My heart beating like a drum, I was there the next day, seated at the table nearest theirs, devouring my daughter with my eyes. She was so beautiful—porcelain skin, violet eyes, and a pompadour of jet-black curls crowned by a hat piled high with purple and lavender roses, dressed in a lavender linen suit, with amethysts at her throat and a silver fox stole swaddling her slender shoulders. It reminded me of the grand birthday party I’d given her, the mammoth rose-covered cake, and the fairy princess costume she’d worn. Some things at least never change—Gladys apparently still adored purple.
But her conversation! It was Dr. this and Dr. that! Twice she even pulled a pretty porcelain-lidded pillbox out of her purse and popped a couple of pills into her mouth! She told her friends she was going visiting in Saratoga for two weeks because Dr. Glass recommended rest and Dr. Hartley recommended exercise and she didn’t like to disappoint either of
them on account of they were both so handsome and, with luck, one of them might be her husband someday.
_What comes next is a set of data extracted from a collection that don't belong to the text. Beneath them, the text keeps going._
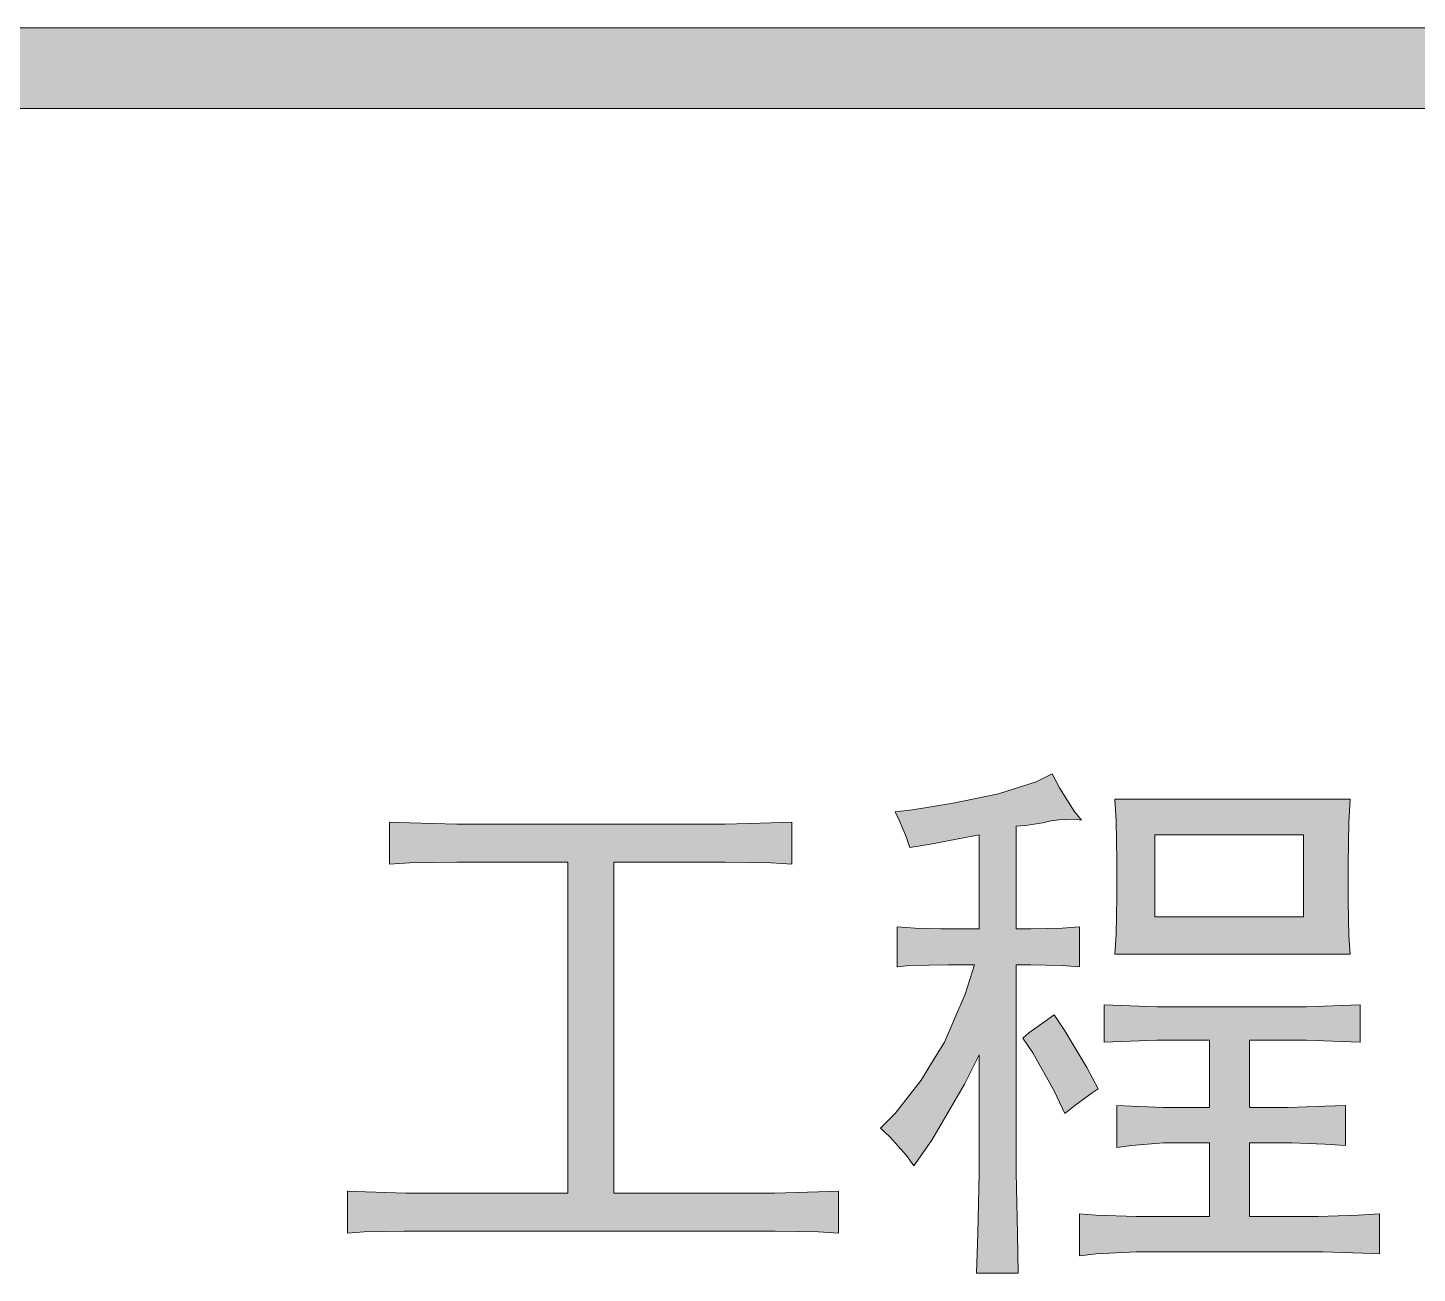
# Model space of a CAD drawing. Header units: millimetres. Extents: x 0 to 829, y 0 to 586.
# Drawn here: x 771.71 to 779.06, y 492.66 to 499.25 of the extents above; entities that cross this region are included whole.
import ezdxf

# ---------------------------------------------------------------- set-up
doc = ezdxf.new("R2010")
doc.units = ezdxf.units.MM

msp = doc.modelspace()

# ---------------------------------------------------------------- hatches: boundary and pattern name
h = msp.add_hatch(color=0)
h.dxf.hatch_style = 2
h.paths.add_polyline_path([(819.294639, 499.254639), (819.294639, 498.827778), (769.958667, 498.827778), (769.958667, 499.254639)])
h = msp.add_hatch(color=0)
h.dxf.hatch_style = 2
h.paths.add_polyline_path([(776.298083, 495.102444), (776.389806, 495.113028), (776.605, 495.148306), (776.724944, 495.173), (776.844889, 495.197694), (777.045972, 495.261194), (777.130639, 495.303528), (777.169444, 495.229444), (777.247056, 495.105972), (777.285861, 495.056583), (777.247056, 495.063639), (777.165917, 495.060111), (777.123583, 495.053056), (777.08125, 495.042472), (776.989528, 495.028361), (776.940139, 495.024833), (776.940139, 494.481556), (777.01775, 494.481556), (777.183556, 494.485083), (777.275278, 494.492139), (777.275278, 494.280472), (777.183556, 494.287528), (777.01775, 494.291056), (776.940139, 494.291056), (776.940139, 493.313861), (776.940139, 493.190389), (776.947194, 492.865833), (776.950722, 492.657694), (776.728472, 492.657694), (776.735528, 492.865833), (776.742583, 493.186861), (776.742583, 493.303278), (776.742583, 493.814806), (776.664972, 493.659583), (776.492111, 493.36325), (776.396861, 493.225667), (776.358056, 493.282111), (776.269861, 493.380889), (776.220472, 493.42675), (776.298083, 493.504361), (776.435667, 493.68075), (776.495639, 493.779528), (776.559139, 493.881833), (776.6685, 494.135833), (776.717889, 494.291056), (776.580306, 494.291056), (776.375694, 494.287528), (776.308667, 494.280472), (776.308667, 494.492139), (776.403917, 494.485083), (776.5415, 494.481556), (776.587361, 494.481556), (776.742583, 494.481556), (776.742583, 494.978972), (776.6685, 494.964861), (776.485056, 494.929583), (776.375694, 494.911944), (776.358056, 494.964861), (776.31925, 495.056583)])
h = msp.add_hatch(color=0)
h.paths.add_polyline_path([(778.707556, 495.169472), (778.7005, 495.046), (778.696972, 494.82375), (778.696972, 494.724972), (778.696972, 494.629722), (778.7005, 494.44275), (778.707556, 494.3475), (777.46225, 494.3475), (777.469306, 494.453333), (777.472833, 494.650889), (777.472833, 494.746139), (777.472833, 494.841389), (777.469306, 495.053056), (777.46225, 495.169472)])
h.paths.add_polyline_path([(778.460611, 494.545056), (778.460611, 494.978972), (777.673917, 494.978972), (777.673917, 494.545056)])
h = msp.add_hatch(color=0)
h.dxf.hatch_style = 2
h.paths.add_polyline_path([(775.264444, 495.035417), (775.3985, 495.035417), (775.641917, 495.042472), (775.751278, 495.046), (775.751278, 494.82375), (775.641917, 494.830806), (775.3985, 494.834333), (775.264444, 494.834333), (774.809361, 494.834333), (774.809361, 493.081028), (775.532556, 493.081028), (775.659556, 493.081028), (775.892389, 493.088083), (775.998222, 493.091611), (775.998222, 492.869361), (775.892389, 492.876417), (775.663083, 492.879944), (775.543139, 492.879944), (773.821583, 492.879944), (773.698111, 492.879944), (773.486444, 492.876417), (773.39825, 492.869361), (773.39825, 493.091611), (773.4935, 493.088083), (773.708694, 493.081028), (773.832167, 493.081028), (774.565944, 493.081028), (774.565944, 494.834333), (774.121444, 494.834333), (773.976806, 494.834333), (773.726333, 494.830806), (773.6205, 494.82375), (773.6205, 495.046), (773.726333, 495.042472), (773.976806, 495.035417), (774.121444, 495.035417)])
h = msp.add_hatch(color=0)
h.dxf.hatch_style = 2
h.paths.add_polyline_path([(778.383, 494.068806), (778.474722, 494.068806), (778.661694, 494.075861), (778.760472, 494.079389), (778.760472, 493.881833), (778.661694, 493.885361), (778.474722, 493.892417), (778.383, 493.892417), (778.174861, 493.892417), (778.174861, 493.536111), (778.294806, 493.536111), (778.379472, 493.536111), (778.5735, 493.543167), (778.682861, 493.546694), (778.682861, 493.335028), (778.5735, 493.342083), (778.397111, 493.349139), (778.330083, 493.349139), (778.174861, 493.349139), (778.174861, 492.957556), (778.439444, 492.957556), (778.538222, 492.957556), (778.749889, 492.964611), (778.862778, 492.971667), (778.862778, 492.76), (778.774583, 492.763528), (778.562917, 492.770583), (778.439444, 492.770583), (777.695083, 492.770583), (777.575139, 492.770583), (777.363472, 492.76), (777.275278, 492.749417), (777.275278, 492.971667), (777.363472, 492.964611), (777.575139, 492.957556), (777.695083, 492.957556), (777.963194, 492.957556), (777.963194, 493.349139), (777.807972, 493.349139), (777.719778, 493.349139), (777.550444, 493.335028), (777.472833, 493.324444), (777.472833, 493.546694), (777.550444, 493.543167), (777.719778, 493.536111), (777.807972, 493.536111), (777.963194, 493.536111), (777.963194, 493.892417), (777.783278, 493.892417), (777.6845, 493.892417), (777.497528, 493.885361), (777.405806, 493.881833), (777.405806, 494.079389), (777.497528, 494.075861), (777.6845, 494.068806), (777.783278, 494.068806)])
h = msp.add_hatch(color=0)
h.dxf.hatch_style = 2
h.paths.add_polyline_path([(777.141222, 494.026472), (777.197667, 493.941806), (777.314083, 493.747778), (777.374056, 493.634889), (777.342306, 493.613722), (777.250583, 493.546694), (777.197667, 493.504361), (777.141222, 493.624306), (777.028333, 493.825389), (776.975417, 493.903), (777.007167, 493.931222), (777.091833, 493.991194)])

# ---------------------------------------------------------------- linework, layer by layer
at = {"color": 0, "lineweight": 0}
for points in [[(819.294639, 499.254639), (819.294639, 498.827778), (769.958667, 498.827778), (769.958667, 499.254639)], [(776.298083, 495.102444), (776.389806, 495.113028), (776.605, 495.148306), (776.724944, 495.173), (776.844889, 495.197694), (777.045972, 495.261194), (777.130639, 495.303528), (777.169444, 495.229444), (777.247056, 495.105972), (777.285861, 495.056583), (777.247056, 495.063639), (777.165917, 495.060111), (777.123583, 495.053056), (777.08125, 495.042472), (776.989528, 495.028361), (776.940139, 495.024833), (776.940139, 494.481556), (777.01775, 494.481556), (777.183556, 494.485083), (777.275278, 494.492139), (777.275278, 494.280472), (777.183556, 494.287528), (777.01775, 494.291056), (776.940139, 494.291056), (776.940139, 493.313861), (776.940139, 493.190389), (776.947194, 492.865833), (776.950722, 492.657694), (776.728472, 492.657694), (776.735528, 492.865833), (776.742583, 493.186861), (776.742583, 493.303278), (776.742583, 493.814806), (776.664972, 493.659583), (776.492111, 493.36325), (776.396861, 493.225667), (776.358056, 493.282111), (776.269861, 493.380889), (776.220472, 493.42675), (776.298083, 493.504361), (776.435667, 493.68075), (776.495639, 493.779528), (776.559139, 493.881833), (776.6685, 494.135833), (776.717889, 494.291056), (776.580306, 494.291056), (776.375694, 494.287528), (776.308667, 494.280472), (776.308667, 494.492139), (776.403917, 494.485083), (776.5415, 494.481556), (776.587361, 494.481556), (776.742583, 494.481556), (776.742583, 494.978972), (776.6685, 494.964861), (776.485056, 494.929583), (776.375694, 494.911944), (776.358056, 494.964861), (776.31925, 495.056583)], [(778.707556, 495.169472), (778.7005, 495.046), (778.696972, 494.82375), (778.696972, 494.724972), (778.696972, 494.629722), (778.7005, 494.44275), (778.707556, 494.3475), (777.46225, 494.3475), (777.469306, 494.453333), (777.472833, 494.650889), (777.472833, 494.746139), (777.472833, 494.841389), (777.469306, 495.053056), (777.46225, 495.169472)], [(775.264444, 495.035417), (775.3985, 495.035417), (775.641917, 495.042472), (775.751278, 495.046), (775.751278, 494.82375), (775.641917, 494.830806), (775.3985, 494.834333), (775.264444, 494.834333), (774.809361, 494.834333), (774.809361, 493.081028), (775.532556, 493.081028), (775.659556, 493.081028), (775.892389, 493.088083), (775.998222, 493.091611), (775.998222, 492.869361), (775.892389, 492.876417), (775.663083, 492.879944), (775.543139, 492.879944), (773.821583, 492.879944), (773.698111, 492.879944), (773.486444, 492.876417), (773.39825, 492.869361), (773.39825, 493.091611), (773.4935, 493.088083), (773.708694, 493.081028), (773.832167, 493.081028), (774.565944, 493.081028), (774.565944, 494.834333), (774.121444, 494.834333), (773.976806, 494.834333), (773.726333, 494.830806), (773.6205, 494.82375), (773.6205, 495.046), (773.726333, 495.042472), (773.976806, 495.035417), (774.121444, 495.035417)], [(778.460611, 494.545056), (778.460611, 494.978972), (777.673917, 494.978972), (777.673917, 494.545056)], [(778.383, 494.068806), (778.474722, 494.068806), (778.661694, 494.075861), (778.760472, 494.079389), (778.760472, 493.881833), (778.661694, 493.885361), (778.474722, 493.892417), (778.383, 493.892417), (778.174861, 493.892417), (778.174861, 493.536111), (778.294806, 493.536111), (778.379472, 493.536111), (778.5735, 493.543167), (778.682861, 493.546694), (778.682861, 493.335028), (778.5735, 493.342083), (778.397111, 493.349139), (778.330083, 493.349139), (778.174861, 493.349139), (778.174861, 492.957556), (778.439444, 492.957556), (778.538222, 492.957556), (778.749889, 492.964611), (778.862778, 492.971667), (778.862778, 492.76), (778.774583, 492.763528), (778.562917, 492.770583), (778.439444, 492.770583), (777.695083, 492.770583), (777.575139, 492.770583), (777.363472, 492.76), (777.275278, 492.749417), (777.275278, 492.971667), (777.363472, 492.964611), (777.575139, 492.957556), (777.695083, 492.957556), (777.963194, 492.957556), (777.963194, 493.349139), (777.807972, 493.349139), (777.719778, 493.349139), (777.550444, 493.335028), (777.472833, 493.324444), (777.472833, 493.546694), (777.550444, 493.543167), (777.719778, 493.536111), (777.807972, 493.536111), (777.963194, 493.536111), (777.963194, 493.892417), (777.783278, 493.892417), (777.6845, 493.892417), (777.497528, 493.885361), (777.405806, 493.881833), (777.405806, 494.079389), (777.497528, 494.075861), (777.6845, 494.068806), (777.783278, 494.068806)], [(777.141222, 494.026472), (777.197667, 493.941806), (777.314083, 493.747778), (777.374056, 493.634889), (777.342306, 493.613722), (777.250583, 493.546694), (777.197667, 493.504361), (777.141222, 493.624306), (777.028333, 493.825389), (776.975417, 493.903), (777.007167, 493.931222), (777.091833, 493.991194)]]:
    msp.add_lwpolyline(points, close=True, dxfattribs=at)

doc.saveas('drawing.dxf')
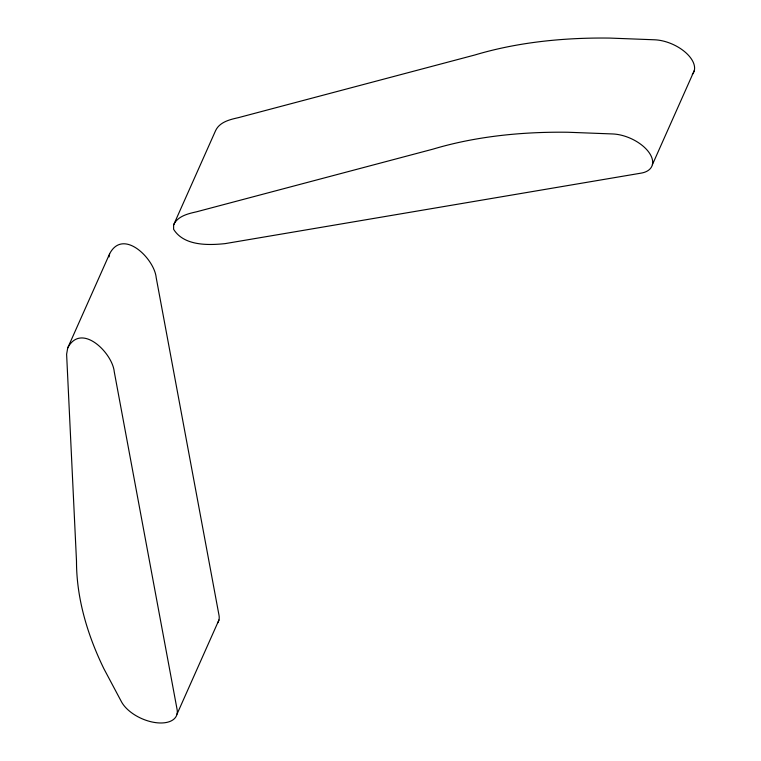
<?xml version="1.0" encoding="UTF-8"?>
<svg xmlns="http://www.w3.org/2000/svg" width="761" height="761" viewBox="0 0 761 761"><rect width="100%" height="100%" fill="white"/><g stroke="black" fill="none" stroke-linecap="round" stroke-linejoin="round"><path stroke-width="1.14" d="M173.632 224.856L173.603 229.28C183.905 245.898 207.743 245.394 225.037 243.634L641.133 173.127A30.763 16.799 24 0 0 648.943 152.371A30.763 16.799 24 0 0 612.947 133.965L568.039 132.252A514.693 281.075 24 0 0 432.952 149.146L196.538 211.805C188.015 213.689 177.627 216.143 173.632 224.856L215.563 130.692C219.558 121.979 229.936 119.534 238.459 117.641L474.874 54.982A514.693 281.075 24 0 1 609.961 38.088L654.879 39.8A30.763 16.799 24 0 1 686.327 53.146A30.763 16.799 24 0 1 692.291 74.407M67.7 347.967L66.616 354.236L76.5 561.152A514.693 281.075 24 0 0 103.896 668.738L121.56 701.946A30.763 16.799 24 0 0 155.596 722.617A30.763 16.799 24 0 0 177.094 709.499L114.245 371.701C112.457 352.961 81.256 321.836 67.7 347.967L109.622 253.803C123.177 227.672 154.388 258.797 156.176 277.537L219.016 615.335A30.763 16.799 24 0 1 217.598 622.993M109.08 256.933L109.622 253.803M177.018 714.141L218.949 619.977M652.386 164.68L694.308 70.516"/></g></svg>

She could think of nothing more exciting than being married to a doctor, all the prescriptions he could write for his loving little wife free and gratis, and just think of his hands caressing her in passion and discovering a hitherto-undiagnosed ailment, which reminded her, she had quite made up her mind to let either Dr. Bramford or Dr. Ashe, she wasn’t quite sure which, remove her appendix when she returned from Saratoga. All that horseback riding she planned on doing was surely bound to agitate it; why, she might even have to go straight to the hospital the moment she got home for an emergency appendectomy! The way her violet eyes lit up you would have thought the girl had been invited to open a royal ball by dancing with a prince! But she was bound and determined to have Dr. Tafford, and no other, take her tonsils out! Then she was on about another doctor; she was seeing him twice and sometimes thrice a week for her “poor shattered nerves,” for specialized treatment involving intimate paroxysm inducing stimulation with some sort of vibratory device that didn’t sound at all like proper medical treatment to me.